Evaluation of Stress Anisotropy of the Formation by Utilizing Dipole Shear Sonic Imager (DSI*), Formation Micro Imager (FMI*) and Density logs. A Case Study on Kanawara Field, South Cambay Basin, India.

Abstract

Abstract Knowledge on Stress anisotropy of the formation is vital to understand the stress direction and magnitude. A stress direction allows well bore stability analysis for safe and cost effective drilling in a challenging environment. Well bore stability analysis showed a large tectonic imbalance between minimum and maximum horizontal stress. As a result, wells drilled in the direction of maximum horizontal stress will have a significant increase in wellbore stability problems compared to those drilled in the direction of minimum horizontal stress. Perforations to be oriented consistent with stress direction to optimize the production and minimize sanding problems. Identification of anisotropy due to fractures leads to enhanced production and maximize the oil recovery from the hydraulic fracturing job.

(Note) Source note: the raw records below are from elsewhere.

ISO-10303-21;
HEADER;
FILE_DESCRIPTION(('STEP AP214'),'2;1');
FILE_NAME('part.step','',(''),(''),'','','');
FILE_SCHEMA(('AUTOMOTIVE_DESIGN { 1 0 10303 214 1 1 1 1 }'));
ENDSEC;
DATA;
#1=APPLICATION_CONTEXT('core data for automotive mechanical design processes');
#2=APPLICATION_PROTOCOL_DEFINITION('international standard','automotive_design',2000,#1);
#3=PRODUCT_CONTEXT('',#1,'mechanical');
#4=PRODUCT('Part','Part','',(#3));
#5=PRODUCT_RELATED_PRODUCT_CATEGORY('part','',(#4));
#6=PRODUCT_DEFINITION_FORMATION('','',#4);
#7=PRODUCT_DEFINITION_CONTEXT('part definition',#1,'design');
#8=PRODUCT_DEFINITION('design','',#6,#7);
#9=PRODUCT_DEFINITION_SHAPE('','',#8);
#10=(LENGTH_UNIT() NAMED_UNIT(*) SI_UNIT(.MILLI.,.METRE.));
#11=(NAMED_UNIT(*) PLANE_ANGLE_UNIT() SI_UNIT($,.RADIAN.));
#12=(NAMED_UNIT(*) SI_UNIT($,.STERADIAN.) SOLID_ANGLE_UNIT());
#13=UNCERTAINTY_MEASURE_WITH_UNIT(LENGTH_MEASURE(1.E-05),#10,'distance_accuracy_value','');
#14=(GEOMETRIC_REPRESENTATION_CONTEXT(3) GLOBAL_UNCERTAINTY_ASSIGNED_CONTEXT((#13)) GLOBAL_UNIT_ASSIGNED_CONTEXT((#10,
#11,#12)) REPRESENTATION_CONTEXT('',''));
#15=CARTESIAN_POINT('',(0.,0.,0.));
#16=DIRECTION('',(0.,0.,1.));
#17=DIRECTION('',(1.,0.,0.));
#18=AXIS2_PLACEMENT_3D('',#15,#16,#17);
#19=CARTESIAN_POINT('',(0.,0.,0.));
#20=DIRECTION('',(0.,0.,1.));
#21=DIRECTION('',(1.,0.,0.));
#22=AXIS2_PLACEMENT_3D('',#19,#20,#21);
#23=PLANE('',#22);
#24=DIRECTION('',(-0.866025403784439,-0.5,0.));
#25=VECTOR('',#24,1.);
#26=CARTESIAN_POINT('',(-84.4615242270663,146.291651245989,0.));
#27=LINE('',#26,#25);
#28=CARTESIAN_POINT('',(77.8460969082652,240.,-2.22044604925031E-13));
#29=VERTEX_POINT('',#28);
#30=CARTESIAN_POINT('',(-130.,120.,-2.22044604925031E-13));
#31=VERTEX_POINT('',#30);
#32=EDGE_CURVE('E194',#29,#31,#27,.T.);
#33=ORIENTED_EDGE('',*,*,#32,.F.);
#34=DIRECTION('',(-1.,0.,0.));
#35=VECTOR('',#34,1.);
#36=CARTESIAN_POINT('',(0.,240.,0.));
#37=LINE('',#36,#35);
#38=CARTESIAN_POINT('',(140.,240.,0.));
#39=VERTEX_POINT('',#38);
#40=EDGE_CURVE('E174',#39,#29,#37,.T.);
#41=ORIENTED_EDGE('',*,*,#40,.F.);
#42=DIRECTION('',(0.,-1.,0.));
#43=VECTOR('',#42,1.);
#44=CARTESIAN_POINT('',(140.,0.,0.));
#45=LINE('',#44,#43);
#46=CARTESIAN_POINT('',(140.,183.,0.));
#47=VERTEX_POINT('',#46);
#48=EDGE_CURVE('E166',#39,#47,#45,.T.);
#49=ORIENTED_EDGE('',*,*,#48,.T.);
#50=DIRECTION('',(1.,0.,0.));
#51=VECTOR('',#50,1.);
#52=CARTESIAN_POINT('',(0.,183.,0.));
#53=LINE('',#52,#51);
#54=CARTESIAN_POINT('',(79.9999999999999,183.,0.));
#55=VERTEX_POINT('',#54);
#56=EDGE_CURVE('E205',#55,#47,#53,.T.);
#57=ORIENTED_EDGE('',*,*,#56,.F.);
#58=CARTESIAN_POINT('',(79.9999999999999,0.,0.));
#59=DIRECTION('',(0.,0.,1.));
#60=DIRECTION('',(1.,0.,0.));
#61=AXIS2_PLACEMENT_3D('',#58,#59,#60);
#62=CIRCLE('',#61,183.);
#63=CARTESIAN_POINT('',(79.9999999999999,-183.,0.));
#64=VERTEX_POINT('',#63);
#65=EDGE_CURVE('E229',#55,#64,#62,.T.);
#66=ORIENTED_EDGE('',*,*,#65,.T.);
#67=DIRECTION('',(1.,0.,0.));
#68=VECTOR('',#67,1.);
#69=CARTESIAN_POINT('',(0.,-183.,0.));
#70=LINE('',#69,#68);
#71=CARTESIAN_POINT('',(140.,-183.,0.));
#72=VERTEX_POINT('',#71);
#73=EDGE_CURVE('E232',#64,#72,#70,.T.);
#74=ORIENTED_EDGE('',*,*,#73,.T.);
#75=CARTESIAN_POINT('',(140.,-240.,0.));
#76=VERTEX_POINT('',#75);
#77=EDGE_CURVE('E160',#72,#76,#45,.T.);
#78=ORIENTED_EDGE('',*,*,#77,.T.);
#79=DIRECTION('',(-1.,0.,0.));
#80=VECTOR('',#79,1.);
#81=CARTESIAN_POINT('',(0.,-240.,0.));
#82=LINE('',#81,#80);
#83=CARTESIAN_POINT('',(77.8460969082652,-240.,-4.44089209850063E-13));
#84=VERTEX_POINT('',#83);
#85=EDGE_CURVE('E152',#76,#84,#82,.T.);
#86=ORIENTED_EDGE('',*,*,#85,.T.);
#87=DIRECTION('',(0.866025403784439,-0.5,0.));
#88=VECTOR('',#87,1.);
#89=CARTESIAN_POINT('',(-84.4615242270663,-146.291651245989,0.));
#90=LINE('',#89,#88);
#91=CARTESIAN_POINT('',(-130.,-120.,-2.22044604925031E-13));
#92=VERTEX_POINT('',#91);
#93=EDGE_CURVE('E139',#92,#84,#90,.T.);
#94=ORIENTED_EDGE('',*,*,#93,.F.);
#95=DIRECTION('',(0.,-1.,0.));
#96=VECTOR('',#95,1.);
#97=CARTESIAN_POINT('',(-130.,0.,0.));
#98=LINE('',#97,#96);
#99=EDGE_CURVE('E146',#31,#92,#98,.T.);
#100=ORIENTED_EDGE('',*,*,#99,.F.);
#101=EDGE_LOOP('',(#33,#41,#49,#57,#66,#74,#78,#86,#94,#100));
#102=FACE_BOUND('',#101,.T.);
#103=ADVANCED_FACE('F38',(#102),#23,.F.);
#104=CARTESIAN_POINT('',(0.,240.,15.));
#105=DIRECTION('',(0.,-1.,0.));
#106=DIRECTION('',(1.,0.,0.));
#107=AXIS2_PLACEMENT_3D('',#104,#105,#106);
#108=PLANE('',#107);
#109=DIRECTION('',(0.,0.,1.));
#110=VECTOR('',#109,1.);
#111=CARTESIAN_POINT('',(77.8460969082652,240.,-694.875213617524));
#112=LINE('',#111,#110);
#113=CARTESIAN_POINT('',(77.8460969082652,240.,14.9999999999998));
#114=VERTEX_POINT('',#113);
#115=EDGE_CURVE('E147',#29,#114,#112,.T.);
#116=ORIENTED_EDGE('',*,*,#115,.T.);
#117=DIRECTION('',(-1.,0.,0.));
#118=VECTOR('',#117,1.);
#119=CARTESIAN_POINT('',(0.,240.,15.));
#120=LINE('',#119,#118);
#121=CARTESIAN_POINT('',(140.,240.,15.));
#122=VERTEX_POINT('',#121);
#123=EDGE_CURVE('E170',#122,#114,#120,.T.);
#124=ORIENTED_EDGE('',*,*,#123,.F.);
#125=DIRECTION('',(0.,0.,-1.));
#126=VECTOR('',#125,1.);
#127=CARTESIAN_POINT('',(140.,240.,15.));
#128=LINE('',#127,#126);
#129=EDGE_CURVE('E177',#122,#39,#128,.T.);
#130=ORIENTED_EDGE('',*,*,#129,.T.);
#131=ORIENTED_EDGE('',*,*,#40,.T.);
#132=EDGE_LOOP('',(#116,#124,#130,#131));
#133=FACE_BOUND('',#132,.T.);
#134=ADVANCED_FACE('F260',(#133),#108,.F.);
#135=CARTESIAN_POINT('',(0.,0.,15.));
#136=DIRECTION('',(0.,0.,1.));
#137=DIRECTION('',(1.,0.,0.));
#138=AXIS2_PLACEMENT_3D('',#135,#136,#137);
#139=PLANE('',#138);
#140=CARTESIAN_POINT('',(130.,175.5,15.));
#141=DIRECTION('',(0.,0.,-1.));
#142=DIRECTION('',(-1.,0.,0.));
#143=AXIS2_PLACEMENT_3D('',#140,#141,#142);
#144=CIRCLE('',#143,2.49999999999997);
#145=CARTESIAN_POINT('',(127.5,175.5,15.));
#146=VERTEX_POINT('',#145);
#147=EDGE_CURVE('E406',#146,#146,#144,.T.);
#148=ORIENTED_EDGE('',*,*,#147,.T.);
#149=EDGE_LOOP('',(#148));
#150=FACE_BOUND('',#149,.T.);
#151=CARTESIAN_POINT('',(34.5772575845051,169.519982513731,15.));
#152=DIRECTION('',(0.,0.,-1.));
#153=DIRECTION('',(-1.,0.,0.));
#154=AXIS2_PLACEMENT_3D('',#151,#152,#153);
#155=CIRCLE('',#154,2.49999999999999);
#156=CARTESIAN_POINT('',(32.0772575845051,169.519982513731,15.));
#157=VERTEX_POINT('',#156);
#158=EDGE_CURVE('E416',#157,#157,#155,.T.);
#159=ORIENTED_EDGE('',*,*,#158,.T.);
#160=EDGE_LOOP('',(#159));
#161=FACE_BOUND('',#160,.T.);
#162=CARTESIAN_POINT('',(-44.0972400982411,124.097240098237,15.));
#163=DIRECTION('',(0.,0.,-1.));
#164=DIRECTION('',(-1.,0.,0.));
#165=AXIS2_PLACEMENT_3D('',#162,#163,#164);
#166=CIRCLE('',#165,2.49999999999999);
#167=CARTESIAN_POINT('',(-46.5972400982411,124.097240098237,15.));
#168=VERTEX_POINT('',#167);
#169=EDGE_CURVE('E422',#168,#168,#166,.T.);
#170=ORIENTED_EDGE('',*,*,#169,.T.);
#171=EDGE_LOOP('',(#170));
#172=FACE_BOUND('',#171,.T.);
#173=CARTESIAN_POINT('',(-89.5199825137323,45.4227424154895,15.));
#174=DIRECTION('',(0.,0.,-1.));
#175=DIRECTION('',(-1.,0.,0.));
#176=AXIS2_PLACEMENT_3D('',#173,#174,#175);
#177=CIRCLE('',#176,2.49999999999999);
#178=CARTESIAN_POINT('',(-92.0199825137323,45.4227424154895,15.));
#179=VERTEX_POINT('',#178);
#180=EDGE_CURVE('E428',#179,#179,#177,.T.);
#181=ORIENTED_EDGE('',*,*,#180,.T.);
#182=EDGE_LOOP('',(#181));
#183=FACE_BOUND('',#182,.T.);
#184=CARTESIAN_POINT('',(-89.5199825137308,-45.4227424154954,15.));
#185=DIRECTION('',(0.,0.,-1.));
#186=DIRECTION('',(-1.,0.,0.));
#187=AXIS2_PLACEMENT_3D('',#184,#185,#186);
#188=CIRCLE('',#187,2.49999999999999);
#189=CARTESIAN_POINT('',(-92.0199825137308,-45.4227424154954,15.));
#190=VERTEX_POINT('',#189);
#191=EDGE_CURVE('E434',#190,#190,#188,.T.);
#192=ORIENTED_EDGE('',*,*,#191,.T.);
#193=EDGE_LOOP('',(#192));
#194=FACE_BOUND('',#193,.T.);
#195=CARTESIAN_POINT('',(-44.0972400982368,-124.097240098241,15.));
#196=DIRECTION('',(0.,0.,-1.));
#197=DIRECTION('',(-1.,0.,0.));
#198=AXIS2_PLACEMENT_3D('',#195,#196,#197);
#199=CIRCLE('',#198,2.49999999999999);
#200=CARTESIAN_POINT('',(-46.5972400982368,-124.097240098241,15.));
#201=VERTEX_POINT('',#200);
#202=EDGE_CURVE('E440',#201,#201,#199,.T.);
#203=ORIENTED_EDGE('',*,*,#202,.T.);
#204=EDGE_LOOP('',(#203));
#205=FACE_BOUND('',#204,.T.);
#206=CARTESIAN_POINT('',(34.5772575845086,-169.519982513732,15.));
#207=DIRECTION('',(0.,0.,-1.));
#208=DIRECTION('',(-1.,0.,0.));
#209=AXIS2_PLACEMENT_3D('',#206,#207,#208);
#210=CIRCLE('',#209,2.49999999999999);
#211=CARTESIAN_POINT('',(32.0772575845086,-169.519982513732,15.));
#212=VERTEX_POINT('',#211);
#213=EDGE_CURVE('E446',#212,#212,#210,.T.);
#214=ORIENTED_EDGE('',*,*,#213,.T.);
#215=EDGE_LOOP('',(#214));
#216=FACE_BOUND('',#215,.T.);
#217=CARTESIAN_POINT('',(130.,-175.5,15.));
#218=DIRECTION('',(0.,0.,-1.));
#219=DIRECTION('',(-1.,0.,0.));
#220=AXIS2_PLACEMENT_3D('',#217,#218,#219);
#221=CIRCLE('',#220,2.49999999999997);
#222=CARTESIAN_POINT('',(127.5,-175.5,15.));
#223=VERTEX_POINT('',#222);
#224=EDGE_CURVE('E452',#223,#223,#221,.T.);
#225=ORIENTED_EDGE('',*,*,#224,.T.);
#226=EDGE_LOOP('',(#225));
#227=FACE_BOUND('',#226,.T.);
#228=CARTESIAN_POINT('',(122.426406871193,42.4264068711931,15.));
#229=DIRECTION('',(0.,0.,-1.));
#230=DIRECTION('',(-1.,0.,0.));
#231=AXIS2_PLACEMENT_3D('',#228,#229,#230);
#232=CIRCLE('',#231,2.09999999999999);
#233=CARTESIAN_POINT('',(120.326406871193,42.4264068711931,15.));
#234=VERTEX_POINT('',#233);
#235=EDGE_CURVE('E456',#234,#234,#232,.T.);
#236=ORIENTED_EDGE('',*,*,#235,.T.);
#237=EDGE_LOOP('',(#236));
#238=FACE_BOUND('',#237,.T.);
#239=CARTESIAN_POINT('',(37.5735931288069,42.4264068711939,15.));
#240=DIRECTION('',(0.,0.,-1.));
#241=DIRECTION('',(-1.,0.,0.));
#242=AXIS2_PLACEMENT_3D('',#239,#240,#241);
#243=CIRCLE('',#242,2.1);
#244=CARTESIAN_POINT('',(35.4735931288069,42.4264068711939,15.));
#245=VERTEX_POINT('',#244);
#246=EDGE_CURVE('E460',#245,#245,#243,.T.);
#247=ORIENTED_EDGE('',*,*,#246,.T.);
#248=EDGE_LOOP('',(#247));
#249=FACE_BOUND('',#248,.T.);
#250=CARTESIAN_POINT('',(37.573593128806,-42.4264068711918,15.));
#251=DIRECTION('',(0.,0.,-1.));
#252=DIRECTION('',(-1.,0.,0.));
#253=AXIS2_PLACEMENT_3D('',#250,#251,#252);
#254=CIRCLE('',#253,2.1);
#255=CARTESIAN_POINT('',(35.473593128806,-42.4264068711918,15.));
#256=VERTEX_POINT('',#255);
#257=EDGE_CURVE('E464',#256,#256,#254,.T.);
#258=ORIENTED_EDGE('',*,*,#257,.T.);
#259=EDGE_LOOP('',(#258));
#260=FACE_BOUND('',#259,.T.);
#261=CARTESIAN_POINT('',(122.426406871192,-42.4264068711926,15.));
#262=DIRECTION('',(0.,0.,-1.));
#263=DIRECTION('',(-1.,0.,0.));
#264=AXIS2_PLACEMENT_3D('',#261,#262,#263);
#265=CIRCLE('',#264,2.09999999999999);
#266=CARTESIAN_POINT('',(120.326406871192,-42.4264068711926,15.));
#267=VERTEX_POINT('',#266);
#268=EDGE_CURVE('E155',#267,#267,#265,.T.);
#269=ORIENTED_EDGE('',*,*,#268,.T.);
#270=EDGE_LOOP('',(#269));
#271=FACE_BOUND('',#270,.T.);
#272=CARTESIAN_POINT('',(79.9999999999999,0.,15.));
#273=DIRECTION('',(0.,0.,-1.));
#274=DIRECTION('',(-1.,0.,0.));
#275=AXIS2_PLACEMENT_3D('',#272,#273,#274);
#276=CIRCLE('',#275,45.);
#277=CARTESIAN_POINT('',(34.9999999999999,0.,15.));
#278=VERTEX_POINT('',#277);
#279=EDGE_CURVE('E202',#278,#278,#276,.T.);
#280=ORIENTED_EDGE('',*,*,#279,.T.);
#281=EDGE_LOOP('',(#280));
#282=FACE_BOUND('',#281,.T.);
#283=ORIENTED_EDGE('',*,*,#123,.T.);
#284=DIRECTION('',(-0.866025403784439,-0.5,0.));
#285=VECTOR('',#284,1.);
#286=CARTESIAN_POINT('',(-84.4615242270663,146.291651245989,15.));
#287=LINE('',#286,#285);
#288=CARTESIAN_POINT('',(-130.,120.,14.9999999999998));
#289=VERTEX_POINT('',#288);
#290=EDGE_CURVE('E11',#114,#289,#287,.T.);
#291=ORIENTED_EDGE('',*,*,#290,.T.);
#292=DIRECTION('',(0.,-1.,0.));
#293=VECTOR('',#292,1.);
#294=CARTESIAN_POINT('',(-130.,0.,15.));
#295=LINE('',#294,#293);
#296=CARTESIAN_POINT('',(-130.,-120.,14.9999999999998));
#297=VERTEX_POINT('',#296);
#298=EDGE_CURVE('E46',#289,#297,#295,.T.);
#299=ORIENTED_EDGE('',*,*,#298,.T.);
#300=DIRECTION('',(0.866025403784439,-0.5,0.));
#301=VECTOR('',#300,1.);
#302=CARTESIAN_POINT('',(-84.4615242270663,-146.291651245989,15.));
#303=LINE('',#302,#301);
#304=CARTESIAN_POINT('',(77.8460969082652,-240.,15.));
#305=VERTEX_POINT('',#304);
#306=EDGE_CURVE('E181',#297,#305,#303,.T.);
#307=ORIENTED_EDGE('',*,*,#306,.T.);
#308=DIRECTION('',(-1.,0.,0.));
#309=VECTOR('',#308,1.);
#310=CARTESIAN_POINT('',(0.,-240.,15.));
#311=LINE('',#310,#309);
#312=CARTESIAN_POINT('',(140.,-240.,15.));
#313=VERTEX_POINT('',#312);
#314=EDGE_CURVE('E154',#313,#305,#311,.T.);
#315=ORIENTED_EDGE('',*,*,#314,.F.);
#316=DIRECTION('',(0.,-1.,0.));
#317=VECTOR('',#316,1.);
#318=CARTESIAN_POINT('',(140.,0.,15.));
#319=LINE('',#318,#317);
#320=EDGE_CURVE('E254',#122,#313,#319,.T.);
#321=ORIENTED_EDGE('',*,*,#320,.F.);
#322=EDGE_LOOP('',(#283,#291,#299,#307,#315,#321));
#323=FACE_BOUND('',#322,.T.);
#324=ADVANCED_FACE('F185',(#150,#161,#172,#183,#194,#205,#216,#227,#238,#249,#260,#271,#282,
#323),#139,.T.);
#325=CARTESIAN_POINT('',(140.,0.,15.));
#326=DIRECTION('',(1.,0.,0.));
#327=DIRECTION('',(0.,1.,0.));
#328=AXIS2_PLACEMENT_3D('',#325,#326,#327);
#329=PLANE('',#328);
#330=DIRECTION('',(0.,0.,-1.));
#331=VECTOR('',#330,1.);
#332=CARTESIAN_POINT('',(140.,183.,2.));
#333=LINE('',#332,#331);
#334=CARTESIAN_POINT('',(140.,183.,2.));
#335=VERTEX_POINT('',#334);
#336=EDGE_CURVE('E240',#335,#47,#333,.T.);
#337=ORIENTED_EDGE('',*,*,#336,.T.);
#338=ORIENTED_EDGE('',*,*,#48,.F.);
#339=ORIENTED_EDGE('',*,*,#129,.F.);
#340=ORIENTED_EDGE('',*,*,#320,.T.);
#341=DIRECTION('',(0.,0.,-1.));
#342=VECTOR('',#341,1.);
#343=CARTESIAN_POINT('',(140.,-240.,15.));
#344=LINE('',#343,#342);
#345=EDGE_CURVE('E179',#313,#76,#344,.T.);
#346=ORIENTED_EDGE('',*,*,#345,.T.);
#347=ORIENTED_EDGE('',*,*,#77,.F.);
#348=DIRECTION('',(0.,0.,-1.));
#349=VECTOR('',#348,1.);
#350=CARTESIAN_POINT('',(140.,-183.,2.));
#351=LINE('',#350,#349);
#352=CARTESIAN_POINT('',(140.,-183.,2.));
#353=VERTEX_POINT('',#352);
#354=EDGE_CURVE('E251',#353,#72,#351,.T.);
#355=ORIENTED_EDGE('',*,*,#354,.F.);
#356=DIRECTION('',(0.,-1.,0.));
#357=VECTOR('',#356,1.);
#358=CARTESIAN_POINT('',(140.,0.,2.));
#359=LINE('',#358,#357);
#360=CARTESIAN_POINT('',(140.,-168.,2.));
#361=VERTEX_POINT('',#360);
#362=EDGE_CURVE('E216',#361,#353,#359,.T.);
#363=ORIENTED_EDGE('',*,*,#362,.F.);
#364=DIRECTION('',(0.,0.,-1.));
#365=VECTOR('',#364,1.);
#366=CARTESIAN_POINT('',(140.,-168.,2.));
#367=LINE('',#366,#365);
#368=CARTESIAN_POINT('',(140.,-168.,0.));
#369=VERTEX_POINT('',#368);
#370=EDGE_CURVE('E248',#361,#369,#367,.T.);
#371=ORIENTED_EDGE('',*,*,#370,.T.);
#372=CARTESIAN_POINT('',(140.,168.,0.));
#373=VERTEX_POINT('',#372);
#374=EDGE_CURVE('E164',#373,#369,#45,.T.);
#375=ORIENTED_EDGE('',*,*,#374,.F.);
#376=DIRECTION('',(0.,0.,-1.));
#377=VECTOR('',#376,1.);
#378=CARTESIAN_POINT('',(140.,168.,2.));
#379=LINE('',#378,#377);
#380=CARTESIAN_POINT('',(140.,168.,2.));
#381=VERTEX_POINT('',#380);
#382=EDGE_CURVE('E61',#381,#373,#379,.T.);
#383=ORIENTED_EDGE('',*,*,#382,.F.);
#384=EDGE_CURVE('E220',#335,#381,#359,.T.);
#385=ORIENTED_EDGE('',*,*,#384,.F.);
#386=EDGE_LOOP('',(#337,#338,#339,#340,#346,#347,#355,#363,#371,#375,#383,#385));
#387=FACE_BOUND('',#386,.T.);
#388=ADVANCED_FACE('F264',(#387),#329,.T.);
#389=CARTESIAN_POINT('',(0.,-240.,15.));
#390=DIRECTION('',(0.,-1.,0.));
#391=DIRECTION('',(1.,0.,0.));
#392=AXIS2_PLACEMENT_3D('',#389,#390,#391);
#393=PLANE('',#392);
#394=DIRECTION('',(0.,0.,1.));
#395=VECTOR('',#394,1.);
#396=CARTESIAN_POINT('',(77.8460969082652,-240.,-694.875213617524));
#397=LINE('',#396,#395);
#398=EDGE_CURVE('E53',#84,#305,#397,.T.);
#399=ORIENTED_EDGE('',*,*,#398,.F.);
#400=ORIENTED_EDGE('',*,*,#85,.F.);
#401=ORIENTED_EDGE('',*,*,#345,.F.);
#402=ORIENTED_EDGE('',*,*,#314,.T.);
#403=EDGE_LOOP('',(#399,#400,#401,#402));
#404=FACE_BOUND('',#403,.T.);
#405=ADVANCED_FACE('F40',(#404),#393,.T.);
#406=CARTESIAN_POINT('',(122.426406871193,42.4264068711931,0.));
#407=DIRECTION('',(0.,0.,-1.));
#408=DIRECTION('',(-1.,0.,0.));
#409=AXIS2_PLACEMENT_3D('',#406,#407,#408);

Well bore stability analysis (WBS) of Kanawara field can be performed by define the rock properties such as Young's modulus, Shear modulus, Poisson's ratio and elastic properties like unconfined compressive strength (UCS) and friction angle of the formation. WBS is a numerical representation of rock mechanical properties, in-situ stresses and pore pressure for a specific stratigraphic section in a field. Compressional slowness (DTCO) and shear slowness (DTSM) along with density (RHOB) log are basic wireline measurements used in determining formation mechanical properties in the vicinity of well #1. The geomechanical study was conducted by utilizing data from all domains, which included wireline data mainly Dipole sonic (DSI*), FMI* and Density logs. Drilling and completion reports, mud logs, MDT tests, minifracture tests, injectivity tests and LOT values are used for calibration purposes.